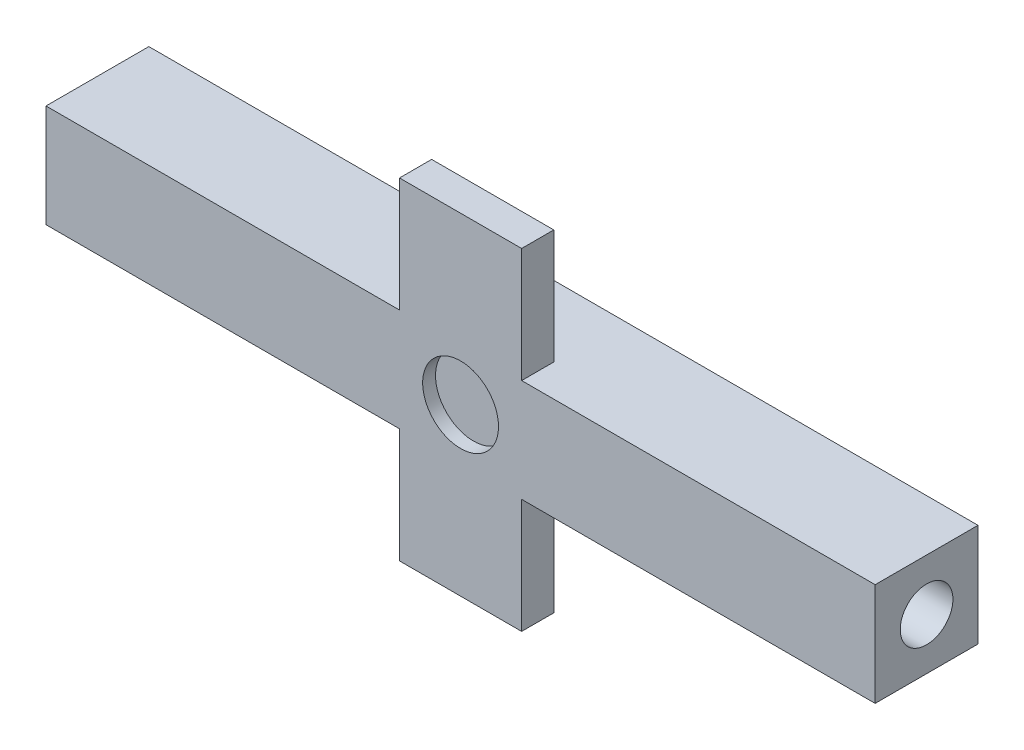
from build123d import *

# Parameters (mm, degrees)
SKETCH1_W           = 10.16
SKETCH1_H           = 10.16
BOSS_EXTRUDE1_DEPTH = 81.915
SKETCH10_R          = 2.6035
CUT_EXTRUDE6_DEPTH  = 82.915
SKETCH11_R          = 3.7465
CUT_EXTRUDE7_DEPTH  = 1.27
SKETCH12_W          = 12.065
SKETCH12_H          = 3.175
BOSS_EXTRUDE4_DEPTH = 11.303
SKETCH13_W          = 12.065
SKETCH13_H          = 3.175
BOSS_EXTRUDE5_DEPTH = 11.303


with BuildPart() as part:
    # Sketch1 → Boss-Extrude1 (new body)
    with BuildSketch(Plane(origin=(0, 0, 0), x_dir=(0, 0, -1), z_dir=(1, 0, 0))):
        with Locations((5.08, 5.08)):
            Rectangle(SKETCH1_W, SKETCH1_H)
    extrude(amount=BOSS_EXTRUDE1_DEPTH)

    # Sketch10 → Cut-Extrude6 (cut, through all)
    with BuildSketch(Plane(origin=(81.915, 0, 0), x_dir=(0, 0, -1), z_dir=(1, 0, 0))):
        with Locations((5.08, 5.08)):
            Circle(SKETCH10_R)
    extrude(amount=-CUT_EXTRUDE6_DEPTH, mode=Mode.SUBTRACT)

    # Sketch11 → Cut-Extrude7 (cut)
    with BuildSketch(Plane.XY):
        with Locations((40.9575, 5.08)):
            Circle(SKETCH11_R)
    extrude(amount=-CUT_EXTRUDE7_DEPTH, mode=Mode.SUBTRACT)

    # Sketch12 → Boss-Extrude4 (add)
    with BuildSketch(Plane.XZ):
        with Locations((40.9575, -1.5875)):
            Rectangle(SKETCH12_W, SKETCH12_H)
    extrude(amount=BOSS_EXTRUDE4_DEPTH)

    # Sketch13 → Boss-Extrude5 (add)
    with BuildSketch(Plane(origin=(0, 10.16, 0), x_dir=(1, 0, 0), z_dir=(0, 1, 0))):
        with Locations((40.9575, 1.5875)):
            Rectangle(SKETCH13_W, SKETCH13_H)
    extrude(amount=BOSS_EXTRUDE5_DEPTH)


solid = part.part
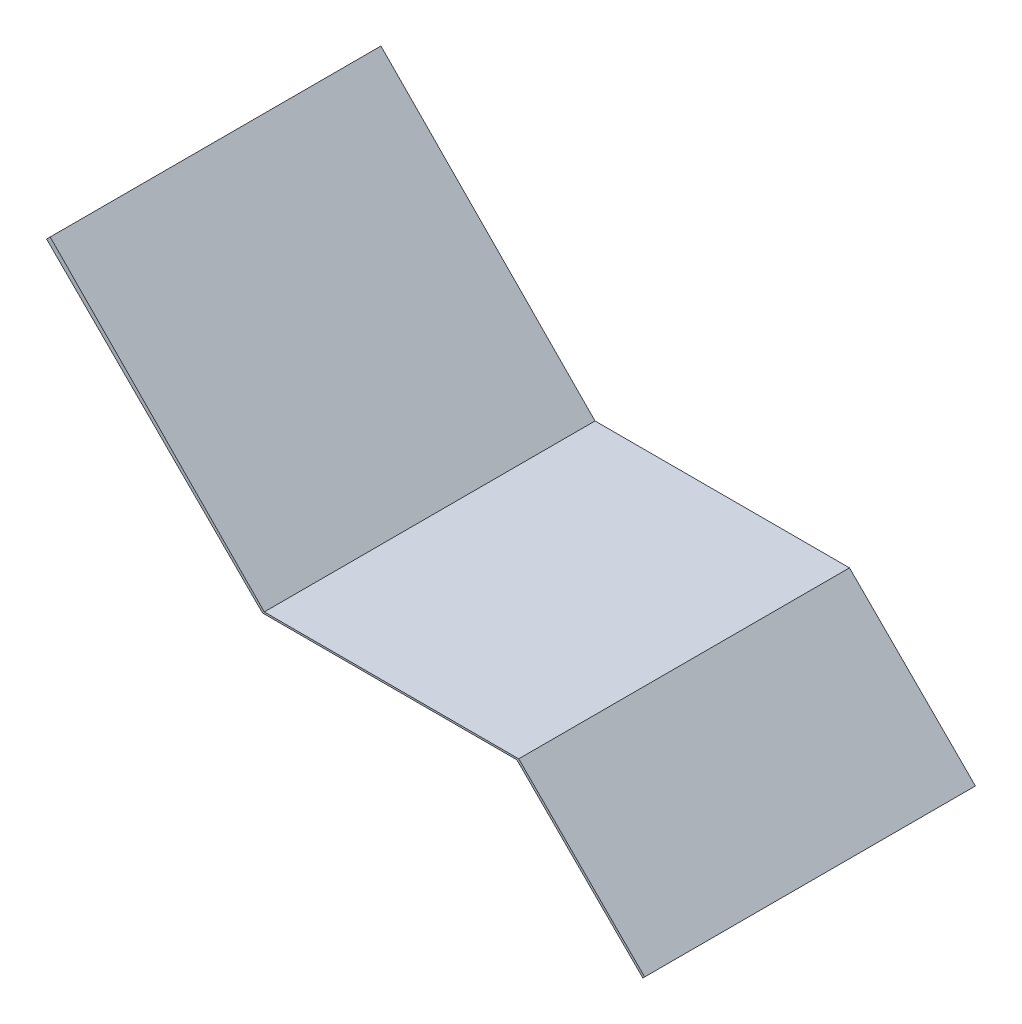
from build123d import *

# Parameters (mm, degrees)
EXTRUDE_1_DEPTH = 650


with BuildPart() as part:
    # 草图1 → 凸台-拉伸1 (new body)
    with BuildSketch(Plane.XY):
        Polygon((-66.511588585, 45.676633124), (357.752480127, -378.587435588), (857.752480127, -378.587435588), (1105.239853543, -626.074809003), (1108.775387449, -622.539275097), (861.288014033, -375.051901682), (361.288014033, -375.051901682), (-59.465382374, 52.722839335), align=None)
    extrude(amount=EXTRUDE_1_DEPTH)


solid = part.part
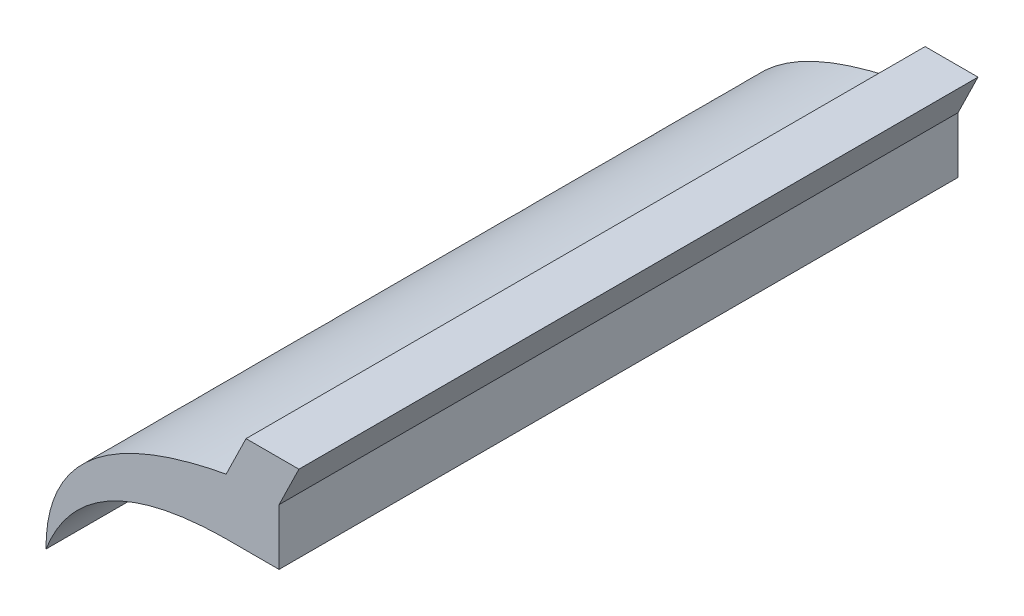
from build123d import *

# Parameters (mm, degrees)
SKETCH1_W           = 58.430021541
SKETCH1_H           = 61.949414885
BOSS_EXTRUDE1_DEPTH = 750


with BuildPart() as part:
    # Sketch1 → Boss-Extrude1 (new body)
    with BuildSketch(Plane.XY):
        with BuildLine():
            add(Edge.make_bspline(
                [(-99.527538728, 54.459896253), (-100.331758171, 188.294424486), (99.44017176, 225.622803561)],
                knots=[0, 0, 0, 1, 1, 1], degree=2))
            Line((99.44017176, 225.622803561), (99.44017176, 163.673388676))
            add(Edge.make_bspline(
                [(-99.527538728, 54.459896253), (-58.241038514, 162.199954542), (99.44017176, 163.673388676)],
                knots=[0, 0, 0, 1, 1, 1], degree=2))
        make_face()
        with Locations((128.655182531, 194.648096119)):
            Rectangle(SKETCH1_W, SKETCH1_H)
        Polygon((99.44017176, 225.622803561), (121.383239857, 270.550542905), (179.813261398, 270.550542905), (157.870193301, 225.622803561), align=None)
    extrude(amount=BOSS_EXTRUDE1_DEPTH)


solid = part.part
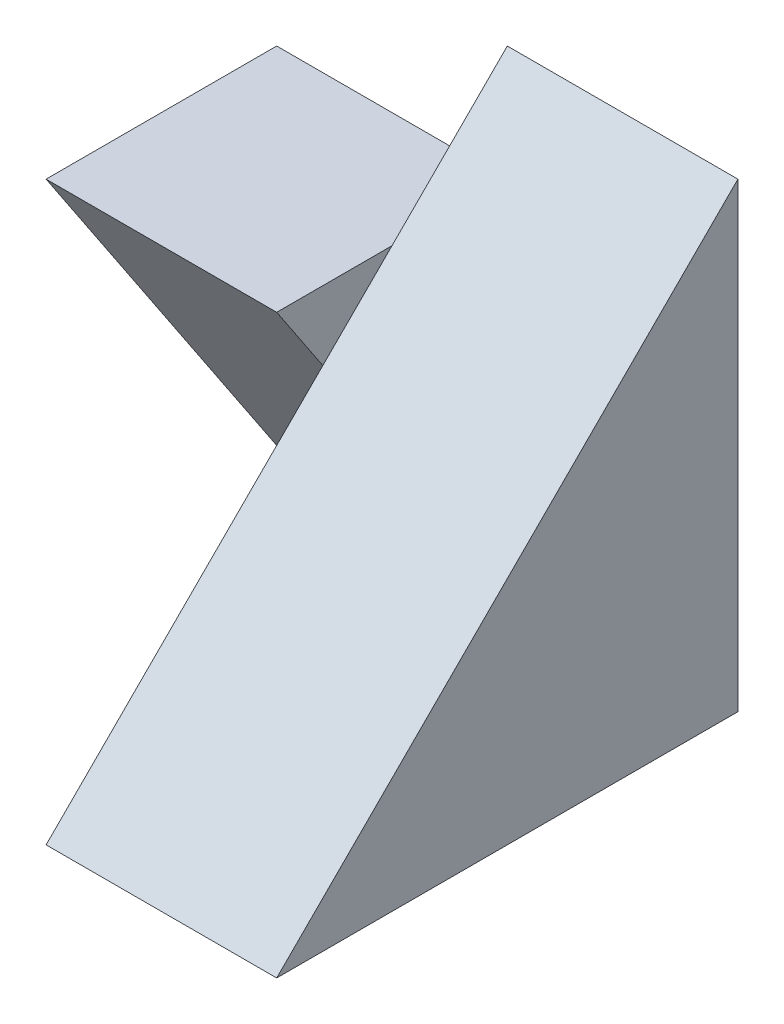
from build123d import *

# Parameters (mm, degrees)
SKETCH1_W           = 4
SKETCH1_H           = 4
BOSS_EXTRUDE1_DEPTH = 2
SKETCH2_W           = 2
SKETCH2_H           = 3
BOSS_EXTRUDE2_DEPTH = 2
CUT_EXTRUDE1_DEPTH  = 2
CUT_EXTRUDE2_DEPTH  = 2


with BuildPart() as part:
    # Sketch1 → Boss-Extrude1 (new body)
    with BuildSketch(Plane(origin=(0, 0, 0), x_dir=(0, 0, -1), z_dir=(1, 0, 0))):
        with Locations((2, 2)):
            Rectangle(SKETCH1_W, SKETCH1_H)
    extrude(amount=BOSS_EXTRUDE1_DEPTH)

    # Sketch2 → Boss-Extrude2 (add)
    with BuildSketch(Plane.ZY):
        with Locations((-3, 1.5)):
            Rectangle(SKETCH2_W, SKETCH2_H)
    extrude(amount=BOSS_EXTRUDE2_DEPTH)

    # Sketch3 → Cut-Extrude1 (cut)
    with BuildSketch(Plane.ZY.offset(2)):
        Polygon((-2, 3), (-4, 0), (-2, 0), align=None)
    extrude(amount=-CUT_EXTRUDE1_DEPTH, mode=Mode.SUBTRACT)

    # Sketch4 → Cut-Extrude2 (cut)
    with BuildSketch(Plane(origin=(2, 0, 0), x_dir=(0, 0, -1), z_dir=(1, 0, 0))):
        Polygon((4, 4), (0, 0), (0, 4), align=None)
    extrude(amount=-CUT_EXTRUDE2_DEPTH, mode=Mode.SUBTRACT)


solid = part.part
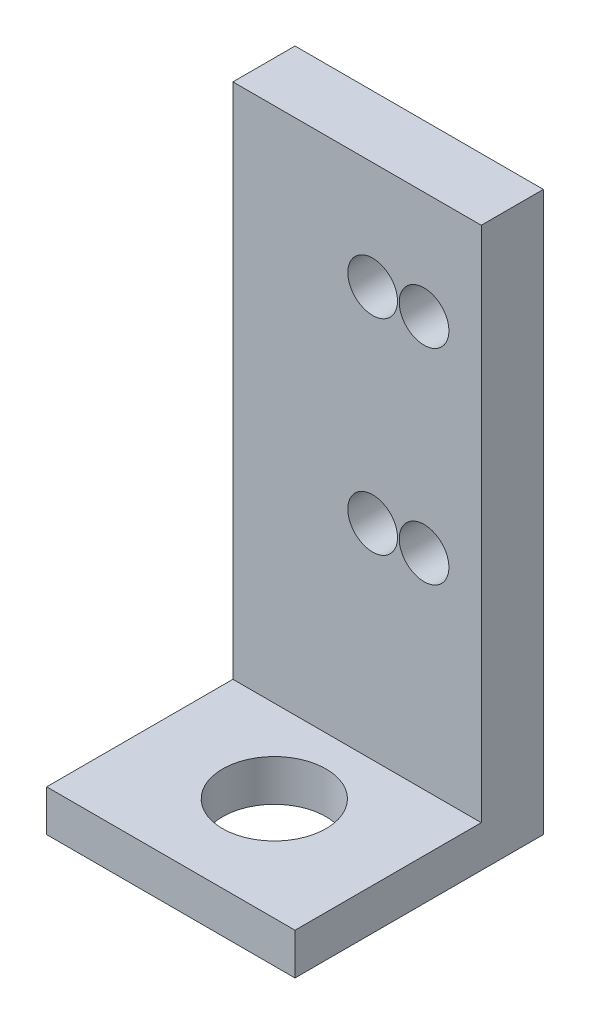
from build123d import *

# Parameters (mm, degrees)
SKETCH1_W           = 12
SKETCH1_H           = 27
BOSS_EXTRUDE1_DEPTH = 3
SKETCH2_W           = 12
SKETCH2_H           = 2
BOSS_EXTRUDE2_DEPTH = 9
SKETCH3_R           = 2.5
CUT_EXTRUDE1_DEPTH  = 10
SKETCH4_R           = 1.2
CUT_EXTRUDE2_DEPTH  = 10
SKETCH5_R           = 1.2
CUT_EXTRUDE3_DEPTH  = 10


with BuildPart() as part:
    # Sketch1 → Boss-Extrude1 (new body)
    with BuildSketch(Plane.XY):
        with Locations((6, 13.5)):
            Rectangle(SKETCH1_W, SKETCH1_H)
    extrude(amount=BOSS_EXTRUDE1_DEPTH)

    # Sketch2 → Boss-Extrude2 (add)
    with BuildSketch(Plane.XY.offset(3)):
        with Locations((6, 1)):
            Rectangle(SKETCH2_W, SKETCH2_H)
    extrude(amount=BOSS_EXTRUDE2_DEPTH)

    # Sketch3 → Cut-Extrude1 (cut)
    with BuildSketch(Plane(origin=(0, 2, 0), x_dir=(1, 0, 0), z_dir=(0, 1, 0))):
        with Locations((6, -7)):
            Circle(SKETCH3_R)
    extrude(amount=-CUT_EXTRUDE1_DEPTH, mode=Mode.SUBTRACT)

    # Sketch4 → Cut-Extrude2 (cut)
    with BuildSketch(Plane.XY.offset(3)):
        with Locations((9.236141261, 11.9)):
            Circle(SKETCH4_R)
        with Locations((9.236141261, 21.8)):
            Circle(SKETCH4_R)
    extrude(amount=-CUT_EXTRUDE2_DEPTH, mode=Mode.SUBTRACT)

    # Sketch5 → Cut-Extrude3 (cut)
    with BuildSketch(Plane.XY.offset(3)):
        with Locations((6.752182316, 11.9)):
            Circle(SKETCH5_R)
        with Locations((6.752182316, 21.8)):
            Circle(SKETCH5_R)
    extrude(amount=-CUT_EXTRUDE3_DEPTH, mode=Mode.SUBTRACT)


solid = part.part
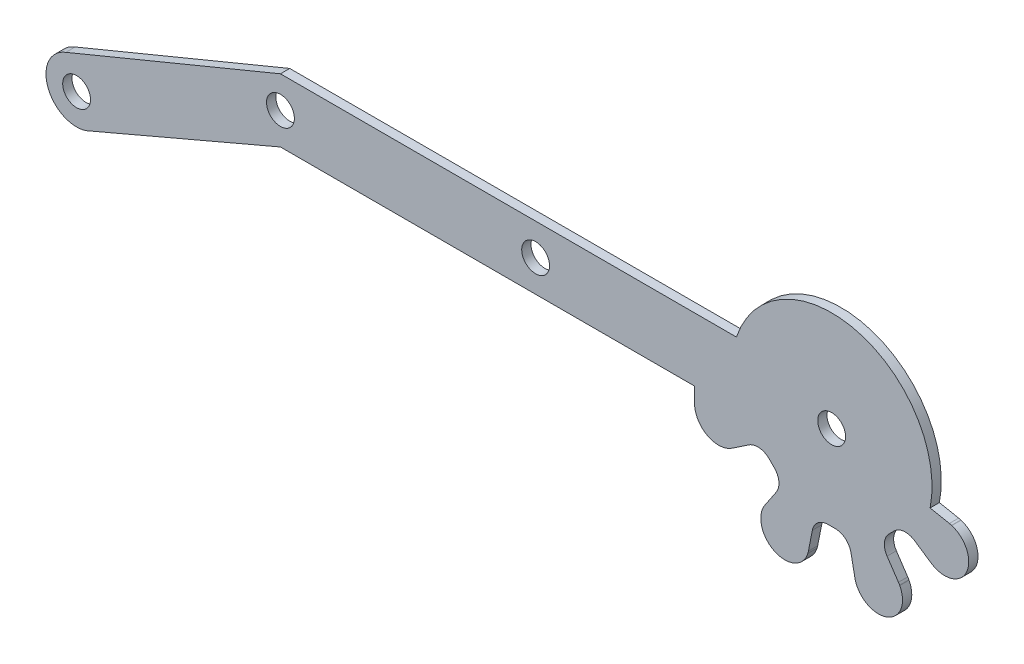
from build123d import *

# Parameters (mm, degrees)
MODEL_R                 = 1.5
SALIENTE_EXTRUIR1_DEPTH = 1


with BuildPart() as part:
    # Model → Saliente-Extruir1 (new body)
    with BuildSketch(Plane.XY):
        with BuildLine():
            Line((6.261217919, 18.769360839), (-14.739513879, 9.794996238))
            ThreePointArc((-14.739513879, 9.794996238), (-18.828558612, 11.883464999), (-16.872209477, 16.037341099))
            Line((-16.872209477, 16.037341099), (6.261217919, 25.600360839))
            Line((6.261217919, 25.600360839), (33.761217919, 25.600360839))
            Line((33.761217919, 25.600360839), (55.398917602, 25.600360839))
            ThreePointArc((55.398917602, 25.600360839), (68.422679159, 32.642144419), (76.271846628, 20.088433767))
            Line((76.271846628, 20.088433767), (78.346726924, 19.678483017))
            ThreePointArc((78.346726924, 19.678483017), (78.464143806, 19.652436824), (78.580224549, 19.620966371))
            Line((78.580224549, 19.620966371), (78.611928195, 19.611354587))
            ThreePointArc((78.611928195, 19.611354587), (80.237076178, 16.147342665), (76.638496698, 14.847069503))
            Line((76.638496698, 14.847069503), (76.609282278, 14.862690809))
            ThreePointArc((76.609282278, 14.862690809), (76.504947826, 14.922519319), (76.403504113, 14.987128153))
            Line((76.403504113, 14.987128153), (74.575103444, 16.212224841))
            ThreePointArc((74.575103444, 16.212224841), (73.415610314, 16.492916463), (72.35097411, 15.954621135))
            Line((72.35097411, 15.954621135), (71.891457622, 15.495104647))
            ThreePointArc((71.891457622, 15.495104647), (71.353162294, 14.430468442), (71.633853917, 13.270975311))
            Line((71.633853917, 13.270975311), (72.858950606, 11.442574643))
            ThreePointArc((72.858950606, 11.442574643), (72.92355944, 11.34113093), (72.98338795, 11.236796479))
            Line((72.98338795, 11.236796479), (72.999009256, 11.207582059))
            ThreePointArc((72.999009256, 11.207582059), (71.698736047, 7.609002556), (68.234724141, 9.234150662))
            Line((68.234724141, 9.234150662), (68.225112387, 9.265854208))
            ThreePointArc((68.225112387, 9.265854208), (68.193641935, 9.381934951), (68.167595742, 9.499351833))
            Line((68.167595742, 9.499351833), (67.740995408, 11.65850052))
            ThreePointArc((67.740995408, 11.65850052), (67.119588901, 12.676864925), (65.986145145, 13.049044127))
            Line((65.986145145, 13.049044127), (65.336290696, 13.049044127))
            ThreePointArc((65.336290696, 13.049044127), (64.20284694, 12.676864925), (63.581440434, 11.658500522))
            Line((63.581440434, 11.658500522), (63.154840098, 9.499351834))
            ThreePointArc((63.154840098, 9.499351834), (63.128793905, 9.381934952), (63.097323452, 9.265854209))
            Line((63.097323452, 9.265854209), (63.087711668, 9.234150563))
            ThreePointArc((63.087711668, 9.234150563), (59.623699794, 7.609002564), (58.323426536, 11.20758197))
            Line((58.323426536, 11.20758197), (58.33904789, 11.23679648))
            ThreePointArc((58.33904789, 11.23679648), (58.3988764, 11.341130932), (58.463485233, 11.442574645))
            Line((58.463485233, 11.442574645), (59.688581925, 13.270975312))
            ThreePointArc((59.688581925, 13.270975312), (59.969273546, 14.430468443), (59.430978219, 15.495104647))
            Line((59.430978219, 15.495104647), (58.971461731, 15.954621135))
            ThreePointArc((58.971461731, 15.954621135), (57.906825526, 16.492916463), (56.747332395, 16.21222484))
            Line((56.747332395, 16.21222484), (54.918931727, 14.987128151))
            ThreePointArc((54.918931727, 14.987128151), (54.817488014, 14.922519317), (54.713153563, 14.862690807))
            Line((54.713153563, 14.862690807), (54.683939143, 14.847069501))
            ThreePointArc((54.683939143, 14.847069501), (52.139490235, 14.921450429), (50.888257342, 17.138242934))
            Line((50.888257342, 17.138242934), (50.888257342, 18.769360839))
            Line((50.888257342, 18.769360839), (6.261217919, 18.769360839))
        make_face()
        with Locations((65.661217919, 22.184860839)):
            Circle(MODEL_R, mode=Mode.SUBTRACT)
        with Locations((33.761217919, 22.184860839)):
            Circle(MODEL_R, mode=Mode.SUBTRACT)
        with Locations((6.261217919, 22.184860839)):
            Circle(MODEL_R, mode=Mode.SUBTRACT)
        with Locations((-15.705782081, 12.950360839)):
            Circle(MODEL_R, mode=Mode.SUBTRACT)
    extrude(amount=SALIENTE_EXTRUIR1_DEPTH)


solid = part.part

*What you have to do*:
A word-for-word copy of the lines above from the one with "14.430468443), (59.430978219, 15.495104647))" through the one with "Line((56.747332395, 16.21222484), (54.918931727, 14.987128151))", inclusive, is the only output wanted.

*Exercise result*:
            ThreePointArc((59.688581925, 13.270975312), (59.969273546, 14.430468443), (59.430978219, 15.495104647))
            Line((59.430978219, 15.495104647), (58.971461731, 15.954621135))
            ThreePointArc((58.971461731, 15.954621135), (57.906825526, 16.492916463), (56.747332395, 16.21222484))
            Line((56.747332395, 16.21222484), (54.918931727, 14.987128151))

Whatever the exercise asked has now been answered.